Não que tenhamos avançado muito: até agora, foram 30 os condenados pelos atos, sendo que nenhum dos financiadores e, em especial, nenhum dos generais que se engajaram na conspiração golpista chegou a ser punido – e nem devem ser, pois não há notícia de investigação sobre a “omissão e ação” dos fardados que enfiaram as Forças Armadas na tramoia bolsonarista, como bem colocou o professor Francisco Teixeira em entrevista à Agência Pública divulgada ontem.
A cerimônia, então, nos deixa no meio do caminho, por marcar a data, mas estar longe de ser uma resposta da sociedade à altura da gravidade do que ocorreu.
Se o peso é pequeno nessa nossa efeméride, é ainda menor no dia a dia de Brasília. Como mostramos em outra reportagem, apenas o Judiciário, dentre os três poderes atacados, mantém um “tour” que rememora aquelas horas tenebrosas.

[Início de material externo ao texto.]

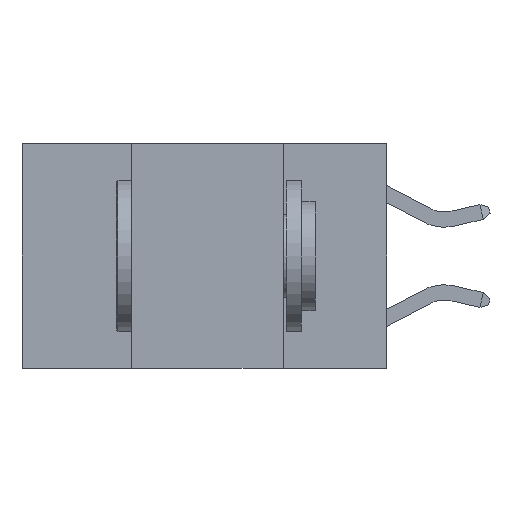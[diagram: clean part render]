
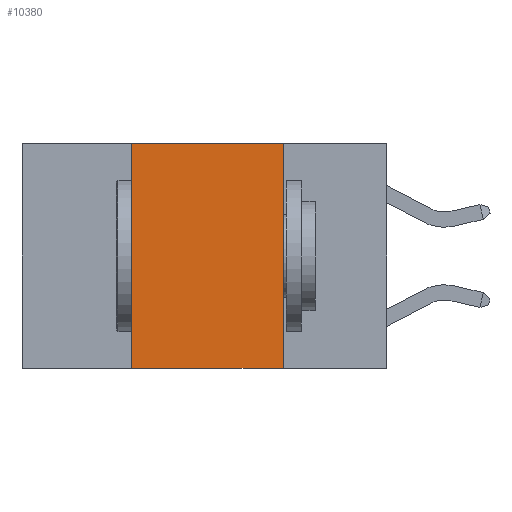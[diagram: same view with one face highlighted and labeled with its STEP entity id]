
A CAD part, left-side view. The second image highlights one B-rep face of the part: STEP entity #10380.
In plain terms, the highlighted planar face has unit normal (-1, 0, 0).
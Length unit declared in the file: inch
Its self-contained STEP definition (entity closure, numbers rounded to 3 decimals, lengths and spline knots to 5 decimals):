
#5 = CARTESIAN_POINT ( 'NONE',  ( 0., 0.17, 0. ) ) ;
#94 = DIRECTION ( 'NONE',  ( 0., 0., -1. ) ) ;
#203 = DIRECTION ( 'NONE',  ( 0., 0., -1. ) ) ;
#682 = ORIENTED_EDGE ( 'NONE', *, *, #4082, .F. ) ;
#992 = EDGE_CURVE ( 'NONE', #12922, #8889, #15217, .T. ) ;
#1229 = EDGE_LOOP ( 'NONE', ( #1637, #682, #1964, #1431 ) ) ;
#1319 = CARTESIAN_POINT ( 'NONE',  ( 0., 0.6, 0. ) ) ;
#1431 = ORIENTED_EDGE ( 'NONE', *, *, #11734, .T. ) ;
#1637 = ORIENTED_EDGE ( 'NONE', *, *, #992, .F. ) ;
#1761 = LINE ( 'NONE', #8601, #12171 ) ;
#1964 = ORIENTED_EDGE ( 'NONE', *, *, #2517, .F. ) ;
#1981 = VERTEX_POINT ( 'NONE', #9629 ) ;
#2104 = LINE ( 'NONE', #17409, #2775 ) ;
#2395 = VECTOR ( 'NONE', #94, 39.37008 ) ;
#2517 = EDGE_CURVE ( 'NONE', #8280, #1981, #1761, .T. ) ;
#2775 = VECTOR ( 'NONE', #4939, 39.37008 ) ;
#2930 = DIRECTION ( 'NONE',  ( 0., -1., 0. ) ) ;
#3401 = CARTESIAN_POINT ( 'NONE',  ( 0., 0.17, -0.37 ) ) ;
#3663 = LINE ( 'NONE', #8593, #11726 ) ;
#4082 = EDGE_CURVE ( 'NONE', #1981, #12922, #2104, .T. ) ;
#4120 = FACE_OUTER_BOUND ( 'NONE', #1229, .T. ) ;
#4939 = DIRECTION ( 'NONE',  ( 0., -1., 0. ) ) ;
#6181 = AXIS2_PLACEMENT_3D ( 'NONE', #1319, #8408, #203 ) ;
#8280 = VERTEX_POINT ( 'NONE', #11028 ) ;
#8408 = DIRECTION ( 'NONE',  ( 1., 0., 0. ) ) ;
#8593 = CARTESIAN_POINT ( 'NONE',  ( 0., 0.6, -0.37 ) ) ;
#8601 = CARTESIAN_POINT ( 'NONE',  ( 0., 0.42, 0. ) ) ;
#8889 = VERTEX_POINT ( 'NONE', #3401 ) ;
#9629 = CARTESIAN_POINT ( 'NONE',  ( 0., 0.42, 0. ) ) ;
#9687 = PLANE ( 'NONE',  #6181 ) ;
#10380 = ADVANCED_FACE ( 'NONE', ( #4120 ), #9687, .F. ) ;
#11028 = CARTESIAN_POINT ( 'NONE',  ( 0., 0.42, -0.37 ) ) ;
#11726 = VECTOR ( 'NONE', #2930, 39.37008 ) ;
#11734 = EDGE_CURVE ( 'NONE', #8280, #8889, #3663, .T. ) ;
#12171 = VECTOR ( 'NONE', #15710, 39.37008 ) ;
#12922 = VERTEX_POINT ( 'NONE', #16527 ) ;
#15217 = LINE ( 'NONE', #5, #2395 ) ;
#15710 = DIRECTION ( 'NONE',  ( 0., 0., 1. ) ) ;
#16527 = CARTESIAN_POINT ( 'NONE',  ( 0., 0.17, 0. ) ) ;
#17409 = CARTESIAN_POINT ( 'NONE',  ( 0., 0.6, 0. ) ) ;

A memória faz parte da visita pública conduzida no prédio do STF a cidadãos interessados, aquela mesma pela qual passam milhões de adolescentes do ensino médio – como essa que vos escreve fez na sua época –, turistas, curiosos de todo tipo. Agora, a visita oficial tem um “ponto de memória” com imagens da invasão. Mas não só isso; segundo nossa repórter Laura Scofield, as lembranças estão por toda parte – seja no prédio, seja nas peças danificadas, guardadas com zelo, seja nos relatos dos guias. O objetivo é que “esse dia não caia no esquecimento”.
Eu me pergunto por que somos uma nação que esquece tão rápido. Afinal, os ecos daquele dia histórico reverberam, ainda, dentro daqueles que sabiam que o que estava em jogo era o destino do nosso país. Como o coronel da PM que enquadrou os militares do Batalhão da Guarda Presidencial que faziam corpo mole diante da invasão do Palácio do Planalto. Como o ex-ministro da Justiça Flavio Dino, que foi cobrar a prisão dos golpistas no acampamento e viu, consternado, que o comandante do Exército, muito pelo contrário, havia dado ordens para um embate com a polícia do DF.
“Quando me viro, vejo a polícia do Exército em formação, duas ou três linhas, mas não de frente para o acampamento, de frente para a PM. E eu vi também uns blindados do Exército se locomovendo, saindo de vias e se agrupando ali com soldados aparatados como se fossem para um combate”, disse ele aos jornalistas Julia Duailibi e Rafael Norton para o documentário 8/1: A Democracia Resiste, da Globonews.